Is any reference frame truly inertial? I'm aware of the potential duplicate question here. However, that question centres on the Newtonian argument of there being a force, and hence acceleration. However, my issue is with the expansion of the universe. 
An inertial reference frame takes one point to be that which is experiencing 'proper' time and so on, with this frame not accelerating. Even with the lack of acceleration due to external forces, I don't see how this is reconciled with the fact that space itself is expanding. The scale factor $a(t)$ gives the relative expansion of the universe, which surely means any reference frame itself is expanding and changing, preventing it from being truly inertial. I'd expect this to be completely negligible on most scales, but am curious anyway. Is this correct, or am I fundamentally misunderstanding something? 
 A: "Inertial" loses its sense in general relativity. The analysis is much more complex, and "inertial" systems are simply done away with. We have the concept of "locally inertial", but this just means that we can always choose our coordinates such as at a point the metric will be the Minkowski metric, with null first derivatives: this is a general property, and you don't use it to distinguish frames.

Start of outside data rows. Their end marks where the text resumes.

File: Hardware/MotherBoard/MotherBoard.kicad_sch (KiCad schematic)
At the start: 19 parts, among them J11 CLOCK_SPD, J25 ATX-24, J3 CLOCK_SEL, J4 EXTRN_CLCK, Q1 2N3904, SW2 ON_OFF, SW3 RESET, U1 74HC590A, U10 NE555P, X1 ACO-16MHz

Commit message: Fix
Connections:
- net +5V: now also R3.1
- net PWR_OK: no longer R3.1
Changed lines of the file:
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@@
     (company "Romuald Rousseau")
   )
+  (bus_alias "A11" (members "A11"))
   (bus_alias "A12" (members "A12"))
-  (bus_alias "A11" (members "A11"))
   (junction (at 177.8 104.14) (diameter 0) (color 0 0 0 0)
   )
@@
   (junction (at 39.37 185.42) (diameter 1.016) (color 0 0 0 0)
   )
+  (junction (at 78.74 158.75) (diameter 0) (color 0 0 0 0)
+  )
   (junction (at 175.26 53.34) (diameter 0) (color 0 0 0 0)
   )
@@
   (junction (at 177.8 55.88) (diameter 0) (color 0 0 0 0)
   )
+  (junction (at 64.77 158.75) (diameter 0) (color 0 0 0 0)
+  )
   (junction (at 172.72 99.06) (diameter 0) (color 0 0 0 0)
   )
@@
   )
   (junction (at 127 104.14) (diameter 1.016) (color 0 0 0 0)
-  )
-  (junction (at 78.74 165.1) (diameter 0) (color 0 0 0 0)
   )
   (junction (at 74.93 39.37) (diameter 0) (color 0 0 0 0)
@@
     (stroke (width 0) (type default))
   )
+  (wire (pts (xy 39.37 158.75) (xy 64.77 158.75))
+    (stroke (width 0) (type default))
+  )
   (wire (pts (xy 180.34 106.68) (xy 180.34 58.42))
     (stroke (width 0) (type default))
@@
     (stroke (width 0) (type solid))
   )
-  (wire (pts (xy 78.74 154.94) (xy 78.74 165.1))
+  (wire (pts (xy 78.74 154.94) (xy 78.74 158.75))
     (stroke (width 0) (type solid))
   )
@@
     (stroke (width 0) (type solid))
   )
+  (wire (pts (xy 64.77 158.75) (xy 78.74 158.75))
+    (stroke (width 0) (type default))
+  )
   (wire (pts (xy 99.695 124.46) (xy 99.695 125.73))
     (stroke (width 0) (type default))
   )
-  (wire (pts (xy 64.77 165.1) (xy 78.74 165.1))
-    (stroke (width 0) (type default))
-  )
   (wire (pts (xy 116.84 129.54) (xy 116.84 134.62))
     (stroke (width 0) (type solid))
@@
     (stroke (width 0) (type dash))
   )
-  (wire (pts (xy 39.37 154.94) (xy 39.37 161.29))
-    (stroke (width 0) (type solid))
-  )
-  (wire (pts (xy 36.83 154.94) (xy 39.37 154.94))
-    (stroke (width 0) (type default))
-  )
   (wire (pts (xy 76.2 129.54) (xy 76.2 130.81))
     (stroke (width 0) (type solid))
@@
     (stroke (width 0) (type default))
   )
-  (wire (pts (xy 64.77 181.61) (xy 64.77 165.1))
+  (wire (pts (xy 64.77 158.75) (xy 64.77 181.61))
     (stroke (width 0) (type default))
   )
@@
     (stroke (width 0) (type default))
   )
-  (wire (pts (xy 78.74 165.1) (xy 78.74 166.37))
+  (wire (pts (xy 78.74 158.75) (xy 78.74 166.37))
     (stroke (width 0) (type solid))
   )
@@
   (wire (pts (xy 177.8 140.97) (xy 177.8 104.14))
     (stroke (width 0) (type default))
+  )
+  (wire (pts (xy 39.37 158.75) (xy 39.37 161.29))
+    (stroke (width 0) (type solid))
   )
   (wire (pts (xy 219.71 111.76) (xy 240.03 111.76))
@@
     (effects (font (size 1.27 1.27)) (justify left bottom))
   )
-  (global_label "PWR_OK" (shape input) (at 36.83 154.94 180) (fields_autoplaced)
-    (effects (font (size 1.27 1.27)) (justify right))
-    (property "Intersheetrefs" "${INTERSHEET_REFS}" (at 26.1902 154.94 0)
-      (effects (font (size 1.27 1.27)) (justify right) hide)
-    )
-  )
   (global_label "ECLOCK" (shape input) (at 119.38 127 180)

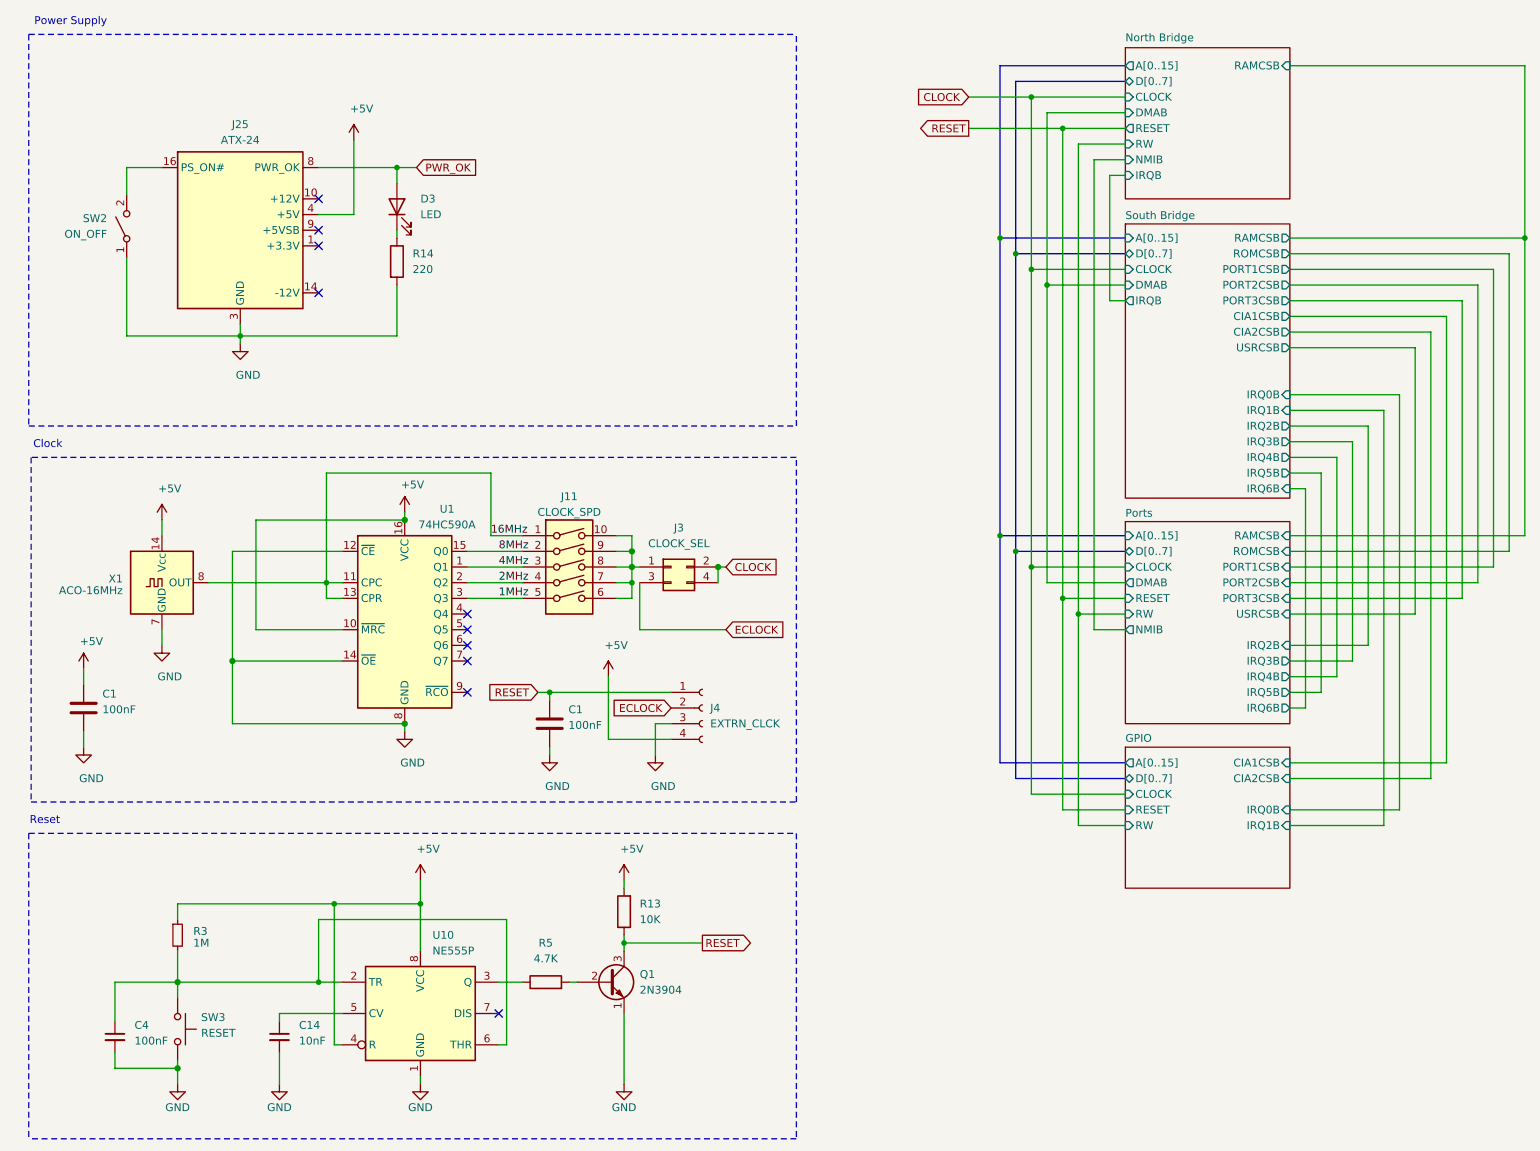
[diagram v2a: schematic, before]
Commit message: feat: modify mother board for paging and dma
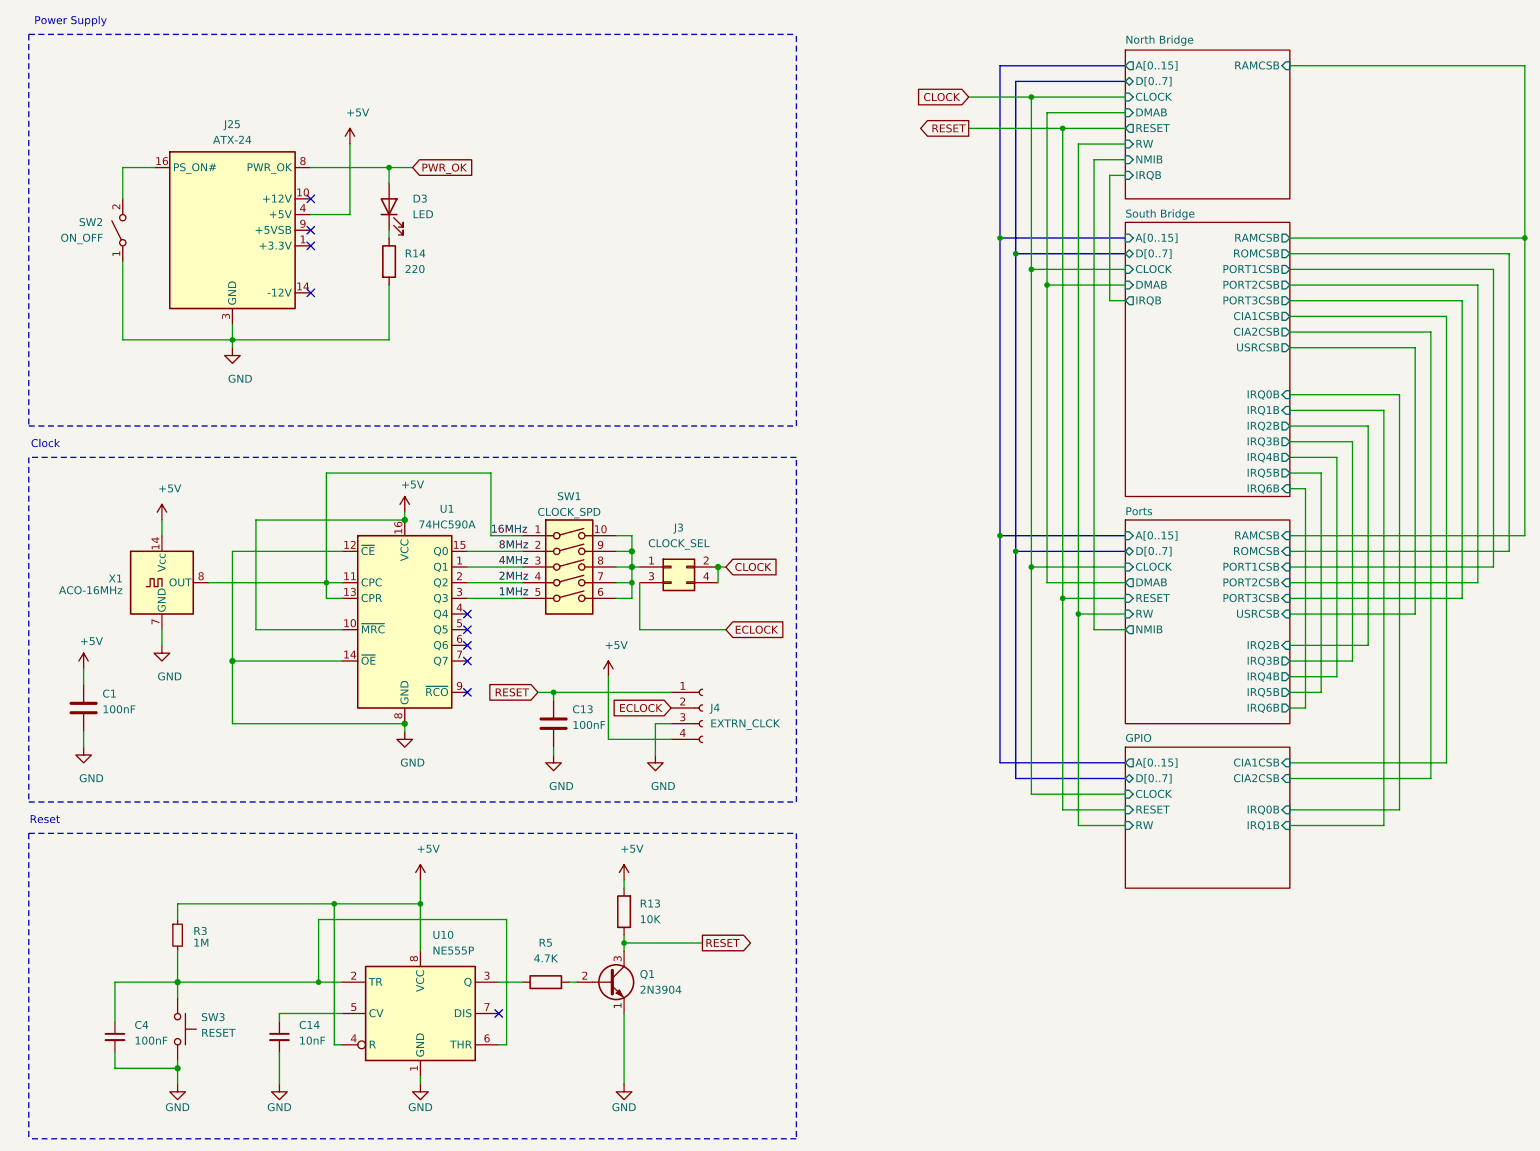
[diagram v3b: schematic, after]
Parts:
- renumbered C1 to C13, J11 to SW1
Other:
- moved on the sheet: C13, D3, J25, R14, SW2

What is interesting to do is understand if a moving particle that follows geodesics in the FRW metric. For simplicity, let us take an $1+1$ dimensional space, of metric
$$
g=-dt^2+a(t)^2dx^2.
$$
This is a flat space similar to the FRW one. Let us suppose $a$ to be never $0$, to avoid singularities.
Suppose to have a massive particle that is moving on a geodesic, parametrized by $x^a(\tau)=(t(\tau),x(\tau))$. Furthermore, suppose an affine parametrization, such as $t'(\tau)^2-a(t)^2x'(\tau)^2=1$ for each value of $\tau$. Equations of motion for an affine parametrization can be found from the Lagrangian
$$
L=\frac12(-t'(\tau)^2+a(t(\tau))^2x'(\tau)^2).
$$
To solve this problem, we can use the fact that $x$ is cyclic: motion equations will be
$$
x'(\tau)=\frac{C}{a(t)^2};\\
t'(\tau)=\sqrt{1+a(t)^2 x'(\tau)^2}=\sqrt{1+\frac{C^2}{a(t(\tau))^2}}.
$$
We can choose initial conditions such as $x^a(0)=(0,0)$ and $x'(0)=v t'(0)$, that means
$$
t'(0)=\gamma, \quad x'(0)=v\gamma,
$$
where $\gamma$ is the usual dilation factor, relative to $t$. We are now ready to solve the problem. You can try seeing what happens by using an explicit law for $a(t)$. Without specifying the form of $a$, we can note that, if $a$ is a monotonic function of $t$, the object that we can interpret as velocity $x'/t'$ effectively decreases with time.
This teaches us an important lesson: a particle that begins moving in the FRW universe with some velocity will lose its velocity. As velocity is not commonly used in GR, it is better to talk in terms of energy: a free particle in FRW experiences energy loss due to universe growing. This is the reason for the cosmological redshift, when you apply this method to light particles (that travel on null geodesics). So, to conclude: in this particular frame we can see the energy of the particle getting dissipated, so we can infer that it will be slower. Even if there is no force acting on it, according to GR.
EDIT: as requested, I include an addendum to improve the answer.
The core answer to your question is "There is no notion of inertial frame in GR". The rest of my answer provided an example of a free particle (from the GR point of view) that experiences a change of velocity. This was just to show that the definition "an inertial frame is a frame where free particles move on straight lines" really makes no sense: if by straight lines you intend segments, that's not true. If you intend geodesics, that's true in every frame. Simply put, "inertial frames" do not exist in GR.